Unsurprisingly, younger generations are more likely to consider robo-offerings than older age groups, with 61% of surveyed clients aged between 18 and 34 likely to consider robo-advisers, compared with 51% aged between 35 and 50, or 24% aged between 51 and 71.
Interestingly, however, it is primarily the high net worth (HNW) segment that has the greatest awareness of, and preference for, robo-advice, not the mass affluent or emerging HNW segments.
More than 70% of HNW clients would consider robo-advice, compared with 37% of mass affluent clients.
Storming the gates
“Automated wealth managers or robo-advisers, are storming the gates,” according to report authors Robert Rummler, EY’s Swiss leader for tech-enabled transformation in wealth and Alex Birkin, EY’s global wealth advisory leader.
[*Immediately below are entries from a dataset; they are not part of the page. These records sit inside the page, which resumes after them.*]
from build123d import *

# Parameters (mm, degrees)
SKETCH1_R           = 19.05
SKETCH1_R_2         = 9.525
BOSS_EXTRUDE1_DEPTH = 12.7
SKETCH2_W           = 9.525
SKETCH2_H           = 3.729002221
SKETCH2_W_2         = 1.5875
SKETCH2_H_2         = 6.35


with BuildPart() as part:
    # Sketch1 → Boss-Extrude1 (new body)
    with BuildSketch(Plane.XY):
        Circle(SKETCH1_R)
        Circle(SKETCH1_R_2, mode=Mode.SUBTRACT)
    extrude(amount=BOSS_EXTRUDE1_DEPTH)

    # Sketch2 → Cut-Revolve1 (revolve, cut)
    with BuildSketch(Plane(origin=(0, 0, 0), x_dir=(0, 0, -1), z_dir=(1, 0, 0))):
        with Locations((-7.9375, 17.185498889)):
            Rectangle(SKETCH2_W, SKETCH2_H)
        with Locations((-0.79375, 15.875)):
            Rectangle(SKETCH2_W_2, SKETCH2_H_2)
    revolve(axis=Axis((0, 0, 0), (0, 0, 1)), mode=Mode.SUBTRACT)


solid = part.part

“Using algorithms to offer financial advice for a fraction of the price of a real-life client advisor, they are growing at a rapid pace, doubling their assets under management every few months.”
The report identifies three pillars which support the robo-adviser model; rapid assimilation of new tech, self-service and automation and use of passive investment strategies both of which keep costs low.
To avoid being left behind EY has five tactical “no regret” steps for advisers to stay ahead of the trend:
Define digital objectives and criteria for success
Delineate the objectives they are pursuing and how you define “digital success.” Examples could be: increasing client loads per relationship manager by 10%, reducing operational cost by 15% or achieving client satisfaction ratios of 90% with digital offerings.
Determine the broader implications across the business and operating model
Successful digital strategies require changes beyond process and technology. Additional areas to keep in mind: client segmentation, governance of digital channels, operational readiness, digital product and service content and organisational blueprint.
Assess the digital capabilities needed, and prioritise their implementation
Evaluate digital capabilities in terms of their impact (eg by assessing client demand) and the effort needed to implement them. Assess the digital opportunities worth pursuing according to their short, medium and long term impact. Prioritisation by key stakeholders will surface those areas with the highest cost-benefit ratio, whether that is video functionality for relationship managers or self-service for simple trading.
Develop an overall digitisation roadmap
A roadmap for digital transformation serves multiple purposes: establishing an implementation plan that builds up digital capabilities over several years, galvanising the organisation to ramp-up of resources and know-how around digital, and outlining the investments needed over time.
Develop a high-level solution design, and define key architecture principles
Seek consensus on high-level solution design and the underlying architecture behind the digital roadmap. Key questions might include: Should user interfaces be designed for mobile devices first? Should a “buy-before-make” policy be adopted, combined with in-house development only for integration?